→ **Given information**

_ _ _ _

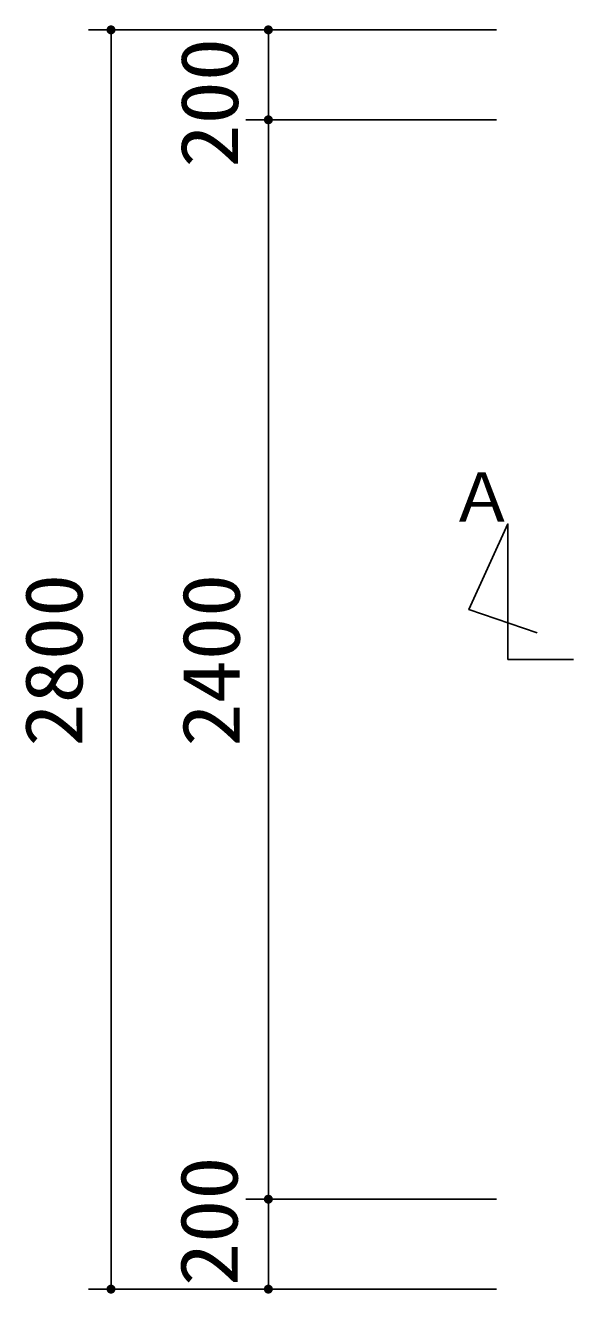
# Model space of a CAD drawing. Units: millimetres, scale not verified. Extents: x -14850 to 14850, y -10500 to 10500.
# Drawn here: x -11222 to -10002, y 4937 to 7757 of the extents above; entities that cross this region are included whole.
import ezdxf
from ezdxf.enums import TextEntityAlignment as Align

# ---------------------------------------------------------------- set-up
doc = ezdxf.new("R2010")
doc.units = ezdxf.units.MM
doc.header["$LTSCALE"] = 50
doc.layers.add('0-0_機器', color=2, linetype='Continuous', lineweight=25)
doc.layers.add('0-5_製作', color=5, linetype='Continuous', lineweight=25)
doc.styles.add('ＭＳ ゴシック', font='')
doc.styles.get('ＭＳ ゴシック').set_extended_font_data('MS Gothic')

msp = doc.modelspace()

# ---------------------------------------------------------------- linework, layer by layer
at = {"layer": '0-0_機器', "color": 3}
msp.add_lwpolyline([(-10002.4, 6347.37), (-10148.77, 6347.37), (-10148.77, 6648.87), (-10235.28, 6458.53), (-10083.88, 6406.63)], dxfattribs=at)
at = {"layer": '0-5_製作', "color": 2}
for p, q in [((-11081.52, 7747.37), (-10173.7, 7747.37)), ((-11031.52, 7747.37), (-11031.52, 4947.36)), ((-10681.52, 7747.37), (-10681.52, 7547.37)), ((-10731.52, 7547.37), (-10173.7, 7547.37)), ((-10681.52, 7547.37), (-10681.52, 5147.37)), ((-10731.52, 5147.37), (-10173.7, 5147.37)), ((-10681.52, 5147.37), (-10681.52, 4947.36)), ((-11081.52, 4947.36), (-10173.7, 4947.36))]:
    msp.add_line(p, q, dxfattribs=at)
at = {"layer": '0-5_製作'}
for points in [[(-11034.01, 7757.05), (-11041.52, 7747.37), (-11035.2, 7756.66)], [(-11034.01, 7757.05), (-11031.52, 7747.37), (-11041.52, 7747.37)], [(-11035.2, 7756.66), (-11041.52, 7747.37), (-11041.5, 7747.99)], [(-11035.2, 7756.66), (-11041.5, 7747.99), (-11036.34, 7756.13)], [(-11036.34, 7756.13), (-11041.5, 7747.99), (-11041.34, 7749.24)], [(-11036.34, 7756.13), (-11041.34, 7749.24), (-11037.4, 7755.46)], [(-11037.4, 7755.46), (-11041.34, 7749.24), (-11041.03, 7750.46)], [(-11037.4, 7755.46), (-11041.03, 7750.46), (-11038.37, 7754.65)], [(-11032.77, 7757.29), (-11031.52, 7747.37), (-11034.01, 7757.05)], [(-11031.52, 7757.37), (-11031.52, 7747.37), (-11032.77, 7757.29)], [(-11030.89, 7757.35), (-11031.52, 7747.37), (-11031.52, 7757.37)], [(-11029.65, 7757.19), (-11031.52, 7747.37), (-11030.89, 7757.35)], [(-11028.43, 7756.88), (-11031.52, 7747.37), (-11029.65, 7757.19)], [(-11027.26, 7756.41), (-11031.52, 7747.37), (-11028.43, 7756.88)], [(-11026.16, 7755.81), (-11031.52, 7747.37), (-11027.26, 7756.41)], [(-11025.15, 7755.07), (-11031.52, 7747.37), (-11026.16, 7755.81)], [(-11025.15, 7755.07), (-11021.52, 7747.37), (-11031.52, 7747.37)], [(-11024.23, 7754.21), (-11021.52, 7747.37), (-11025.15, 7755.07)], [(-10684.01, 7757.05), (-10691.52, 7747.37), (-10685.2, 7756.66)], [(-10684.01, 7757.05), (-10681.52, 7747.37), (-10691.52, 7747.37)], [(-10685.2, 7756.66), (-10691.52, 7747.37), (-10691.5, 7747.99)], [(-10685.2, 7756.66), (-10691.5, 7747.99), (-10686.34, 7756.13)], [(-10686.34, 7756.13), (-10691.5, 7747.99), (-10691.34, 7749.24)], [(-10686.34, 7756.13), (-10691.34, 7749.24), (-10687.4, 7755.46)], [(-10687.4, 7755.46), (-10691.34, 7749.24), (-10691.03, 7750.46)], [(-10687.4, 7755.46), (-10691.03, 7750.46), (-10688.37, 7754.65)], [(-10682.77, 7757.29), (-10681.52, 7747.37), (-10684.01, 7757.05)], [(-10681.52, 7757.37), (-10681.52, 7747.37), (-10682.77, 7757.29)], [(-10680.89, 7757.35), (-10681.52, 7747.37), (-10681.52, 7757.37)], [(-10679.65, 7757.19), (-10681.52, 7747.37), (-10680.89, 7757.35)], [(-10678.43, 7756.88), (-10681.52, 7747.37), (-10679.65, 7757.19)], [(-10677.26, 7756.41), (-10681.52, 7747.37), (-10678.43, 7756.88)], [(-10676.16, 7755.81), (-10681.52, 7747.37), (-10677.26, 7756.41)], [(-10675.15, 7755.07), (-10681.52, 7747.37), (-10676.16, 7755.81)], [(-10675.15, 7755.07), (-10671.52, 7747.37), (-10681.52, 7747.37)], [(-10674.23, 7754.21), (-10671.52, 7747.37), (-10675.15, 7755.07)], [(-11031.52, 7747.37), (-11041.44, 7746.11), (-11041.52, 7747.37)], [(-11031.52, 7747.37), (-11041.21, 7744.88), (-11041.44, 7746.11)], [(-11031.52, 7747.37), (-11040.82, 7743.68), (-11041.21, 7744.88)], [(-11038.37, 7754.65), (-11041.03, 7750.46), (-11040.57, 7751.62)], [(-11031.52, 7747.37), (-11040.28, 7742.55), (-11040.82, 7743.68)], [(-11038.37, 7754.65), (-11040.57, 7751.62), (-11039.23, 7753.74)], [(-11039.23, 7753.74), (-11040.57, 7751.62), (-11039.96, 7752.72)], [(-11031.52, 7747.37), (-11039.61, 7741.49), (-11040.28, 7742.55)], [(-11031.52, 7747.37), (-11038.81, 7740.52), (-11039.61, 7741.49)], [(-11031.52, 7747.37), (-11037.89, 7739.66), (-11038.81, 7740.52)], [(-11031.52, 7747.37), (-11036.88, 7738.92), (-11037.89, 7739.66)], [(-11031.52, 7737.37), (-11036.88, 7738.92), (-11031.52, 7747.37)], [(-11031.52, 7737.37), (-11035.78, 7738.32), (-11036.88, 7738.92)], [(-11031.52, 7737.37), (-11034.61, 7737.85), (-11035.78, 7738.32)], [(-11031.52, 7737.37), (-11033.39, 7737.54), (-11034.61, 7737.85)], [(-11031.52, 7737.37), (-11032.15, 7737.39), (-11033.39, 7737.54)], [(-11021.52, 7747.37), (-11031.52, 7737.37), (-11031.52, 7747.37)], [(-11021.52, 7747.37), (-11030.27, 7737.44), (-11031.52, 7737.37)], [(-11021.52, 7747.37), (-11029.03, 7737.68), (-11030.27, 7737.44)], [(-11021.52, 7747.37), (-11027.84, 7738.07), (-11029.03, 7737.68)], [(-11021.54, 7746.74), (-11027.84, 7738.07), (-11021.52, 7747.37)], [(-11021.54, 7746.74), (-11026.7, 7738.6), (-11027.84, 7738.07)], [(-11021.7, 7745.49), (-11026.7, 7738.6), (-11021.54, 7746.74)], [(-11021.7, 7745.49), (-11025.64, 7739.28), (-11026.7, 7738.6)], [(-11022.01, 7744.28), (-11025.64, 7739.28), (-11021.7, 7745.49)], [(-11022.01, 7744.28), (-11024.68, 7740.08), (-11025.64, 7739.28)], [(-11022.47, 7743.11), (-11024.68, 7740.08), (-11022.01, 7744.28)], [(-11022.47, 7743.11), (-11023.82, 7740.99), (-11024.68, 7740.08)], [(-11023.43, 7753.24), (-11021.52, 7747.37), (-11024.23, 7754.21)], [(-11023.08, 7742.01), (-11023.82, 7740.99), (-11022.47, 7743.11)], [(-11022.76, 7752.18), (-11021.52, 7747.37), (-11023.43, 7753.24)], [(-11022.22, 7751.05), (-11021.52, 7747.37), (-11022.76, 7752.18)], [(-11021.83, 7749.85), (-11021.52, 7747.37), (-11022.22, 7751.05)], [(-11021.6, 7748.62), (-11021.52, 7747.37), (-11021.83, 7749.85)], [(-10681.52, 7747.37), (-10691.44, 7746.11), (-10691.52, 7747.37)], [(-10681.52, 7747.37), (-10691.21, 7744.88), (-10691.44, 7746.11)], [(-10681.52, 7747.37), (-10690.82, 7743.68), (-10691.21, 7744.88)], [(-10688.37, 7754.65), (-10691.03, 7750.46), (-10690.57, 7751.62)], [(-10681.52, 7747.37), (-10690.28, 7742.55), (-10690.82, 7743.68)], [(-10688.37, 7754.65), (-10690.57, 7751.62), (-10689.23, 7753.74)], [(-10689.23, 7753.74), (-10690.57, 7751.62), (-10689.96, 7752.72)], [(-10681.52, 7747.37), (-10689.61, 7741.49), (-10690.28, 7742.55)], [(-10681.52, 7747.37), (-10688.81, 7740.52), (-10689.61, 7741.49)], [(-10681.52, 7747.37), (-10687.89, 7739.66), (-10688.81, 7740.52)], [(-10681.52, 7747.37), (-10686.88, 7738.92), (-10687.89, 7739.66)], [(-10681.52, 7737.37), (-10686.88, 7738.92), (-10681.52, 7747.37)], [(-10681.52, 7737.37), (-10685.78, 7738.32), (-10686.88, 7738.92)], [(-10681.52, 7737.37), (-10684.61, 7737.85), (-10685.78, 7738.32)], [(-10681.52, 7737.37), (-10683.39, 7737.54), (-10684.61, 7737.85)], [(-10681.52, 7737.37), (-10682.15, 7737.39), (-10683.39, 7737.54)], [(-10671.52, 7747.37), (-10681.52, 7737.37), (-10681.52, 7747.37)], [(-10671.52, 7747.37), (-10680.27, 7737.44), (-10681.52, 7737.37)], [(-10671.52, 7747.37), (-10679.03, 7737.68), (-10680.27, 7737.44)], [(-10671.52, 7747.37), (-10677.84, 7738.07), (-10679.03, 7737.68)], [(-10671.54, 7746.74), (-10677.84, 7738.07), (-10671.52, 7747.37)], [(-10671.54, 7746.74), (-10676.7, 7738.6), (-10677.84, 7738.07)], [(-10671.7, 7745.49), (-10676.7, 7738.6), (-10671.54, 7746.74)], [(-10671.7, 7745.49), (-10675.64, 7739.28), (-10676.7, 7738.6)], [(-10672.01, 7744.28), (-10675.64, 7739.28), (-10671.7, 7745.49)], [(-10672.01, 7744.28), (-10674.68, 7740.08), (-10675.64, 7739.28)], [(-10672.47, 7743.11), (-10674.68, 7740.08), (-10672.01, 7744.28)], [(-10672.47, 7743.11), (-10673.82, 7740.99), (-10674.68, 7740.08)], [(-10673.43, 7753.24), (-10671.52, 7747.37), (-10674.23, 7754.21)], [(-10673.08, 7742.01), (-10673.82, 7740.99), (-10672.47, 7743.11)], [(-10672.76, 7752.18), (-10671.52, 7747.37), (-10673.43, 7753.24)], [(-10672.22, 7751.05), (-10671.52, 7747.37), (-10672.76, 7752.18)], [(-10671.83, 7749.85), (-10671.52, 7747.37), (-10672.22, 7751.05)], [(-10671.6, 7748.62), (-10671.52, 7747.37), (-10671.83, 7749.85)], [(-10684.01, 7557.05), (-10691.52, 7547.37), (-10685.2, 7556.66)], [(-10684.01, 7557.05), (-10681.52, 7547.37), (-10691.52, 7547.37)], [(-10685.2, 7556.66), (-10691.52, 7547.37), (-10691.5, 7547.99)], [(-10681.52, 7547.37), (-10691.44, 7546.11), (-10691.52, 7547.37)], [(-10685.2, 7556.66), (-10691.5, 7547.99), (-10686.34, 7556.13)], [(-10686.34, 7556.13), (-10691.5, 7547.99), (-10691.34, 7549.24)], [(-10681.52, 7547.37), (-10691.21, 7544.88), (-10691.44, 7546.11)], [(-10686.34, 7556.13), (-10691.34, 7549.24), (-10687.4, 7555.46)], [(-10687.4, 7555.46), (-10691.34, 7549.24), (-10691.03, 7550.46)], [(-10681.52, 7547.37), (-10690.82, 7543.68), (-10691.21, 7544.88)], [(-10687.4, 7555.46), (-10691.03, 7550.46), (-10688.37, 7554.65)], [(-10688.37, 7554.65), (-10691.03, 7550.46), (-10690.57, 7551.62)], [(-10681.52, 7547.37), (-10690.28, 7542.55), (-10690.82, 7543.68)], [(-10688.37, 7554.65), (-10690.57, 7551.62), (-10689.23, 7553.74)], [(-10689.23, 7553.74), (-10690.57, 7551.62), (-10689.96, 7552.72)], [(-10681.52, 7547.37), (-10689.61, 7541.49), (-10690.28, 7542.55)], [(-10681.52, 7547.37), (-10688.81, 7540.52), (-10689.61, 7541.49)], [(-10681.52, 7547.37), (-10687.89, 7539.66), (-10688.81, 7540.52)], [(-10681.52, 7547.37), (-10686.88, 7538.92), (-10687.89, 7539.66)], [(-10681.52, 7537.37), (-10686.88, 7538.92), (-10681.52, 7547.37)], [(-10681.52, 7537.37), (-10685.78, 7538.32), (-10686.88, 7538.92)], [(-10681.52, 7537.37), (-10684.61, 7537.85), (-10685.78, 7538.32)], [(-10681.52, 7537.37), (-10683.39, 7537.54), (-10684.61, 7537.85)], [(-10682.77, 7557.29), (-10681.52, 7547.37), (-10684.01, 7557.05)], [(-10681.52, 7537.37), (-10682.15, 7537.38), (-10683.39, 7537.54)], [(-10681.52, 7557.37), (-10681.52, 7547.37), (-10682.77, 7557.29)], [(-10680.89, 7557.35), (-10681.52, 7547.37), (-10681.52, 7557.37)], [(-10679.65, 7557.19), (-10681.52, 7547.37), (-10680.89, 7557.35)], [(-10678.43, 7556.88), (-10681.52, 7547.37), (-10679.65, 7557.19)], [(-10677.26, 7556.41), (-10681.52, 7547.37), (-10678.43, 7556.88)], [(-10676.16, 7555.81), (-10681.52, 7547.37), (-10677.26, 7556.41)], [(-10675.15, 7555.07), (-10681.52, 7547.37), (-10676.16, 7555.81)], [(-10675.15, 7555.07), (-10671.52, 7547.37), (-10681.52, 7547.37)], [(-10671.52, 7547.37), (-10681.52, 7537.37), (-10681.52, 7547.37)], [(-10671.52, 7547.37), (-10680.27, 7537.44), (-10681.52, 7537.37)], [(-10671.52, 7547.37), (-10679.03, 7537.68), (-10680.27, 7537.44)], [(-10671.52, 7547.37), (-10677.84, 7538.07), (-10679.03, 7537.68)], [(-10671.54, 7546.74), (-10677.84, 7538.07), (-10671.52, 7547.37)], [(-10671.54, 7546.74), (-10676.7, 7538.6), (-10677.84, 7538.07)], [(-10671.7, 7545.49), (-10676.7, 7538.6), (-10671.54, 7546.74)], [(-10671.7, 7545.49), (-10675.64, 7539.27), (-10676.7, 7538.6)], [(-10672.01, 7544.27), (-10675.64, 7539.27), (-10671.7, 7545.49)], [(-10672.01, 7544.27), (-10674.68, 7540.08), (-10675.64, 7539.27)], [(-10674.23, 7554.21), (-10671.52, 7547.37), (-10675.15, 7555.07)], [(-10672.47, 7543.11), (-10674.68, 7540.08), (-10672.01, 7544.27)], [(-10672.47, 7543.11), (-10673.82, 7540.99), (-10674.68, 7540.08)], [(-10673.43, 7553.24), (-10671.52, 7547.37), (-10674.23, 7554.21)], [(-10673.08, 7542.01), (-10673.82, 7540.99), (-10672.47, 7543.11)], [(-10672.76, 7552.18), (-10671.52, 7547.37), (-10673.43, 7553.24)], [(-10672.22, 7551.05), (-10671.52, 7547.37), (-10672.76, 7552.18)], [(-10671.83, 7549.85), (-10671.52, 7547.37), (-10672.22, 7551.05)], [(-10671.6, 7548.62), (-10671.52, 7547.37), (-10671.83, 7549.85)], [(-10687.4, 5155.46), (-10691.52, 5147.37), (-10691.5, 5147.99)], [(-10687.4, 5155.46), (-10681.52, 5147.37), (-10691.52, 5147.37)], [(-10681.52, 5147.37), (-10691.44, 5146.11), (-10691.52, 5147.37)], [(-10687.4, 5155.46), (-10691.5, 5147.99), (-10688.37, 5154.65)], [(-10688.37, 5154.65), (-10691.5, 5147.99), (-10691.34, 5149.24)], [(-10681.52, 5147.37), (-10691.21, 5144.88), (-10691.44, 5146.11)], [(-10688.37, 5154.65), (-10691.34, 5149.24), (-10689.23, 5153.74)], [(-10689.23, 5153.74), (-10691.34, 5149.24), (-10691.03, 5150.46)], [(-10681.52, 5147.37), (-10690.82, 5143.68), (-10691.21, 5144.88)], [(-10689.23, 5153.74), (-10691.03, 5150.46), (-10689.96, 5152.72)], [(-10689.96, 5152.72), (-10691.03, 5150.46), (-10690.57, 5151.62)], [(-10681.52, 5147.37), (-10690.28, 5142.55), (-10690.82, 5143.68)], [(-10681.52, 5147.37), (-10689.61, 5141.49), (-10690.28, 5142.55)], [(-10681.52, 5147.37), (-10688.81, 5140.52), (-10689.61, 5141.49)], [(-10681.52, 5147.37), (-10687.89, 5139.66), (-10688.81, 5140.52)], [(-10681.52, 5147.37), (-10686.88, 5138.92), (-10687.89, 5139.66)], [(-10686.34, 5156.13), (-10681.52, 5147.37), (-10687.4, 5155.46)], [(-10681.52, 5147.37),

_ _ _ _

Give the number of lines in the records that hold the word "layers", with no other words.

2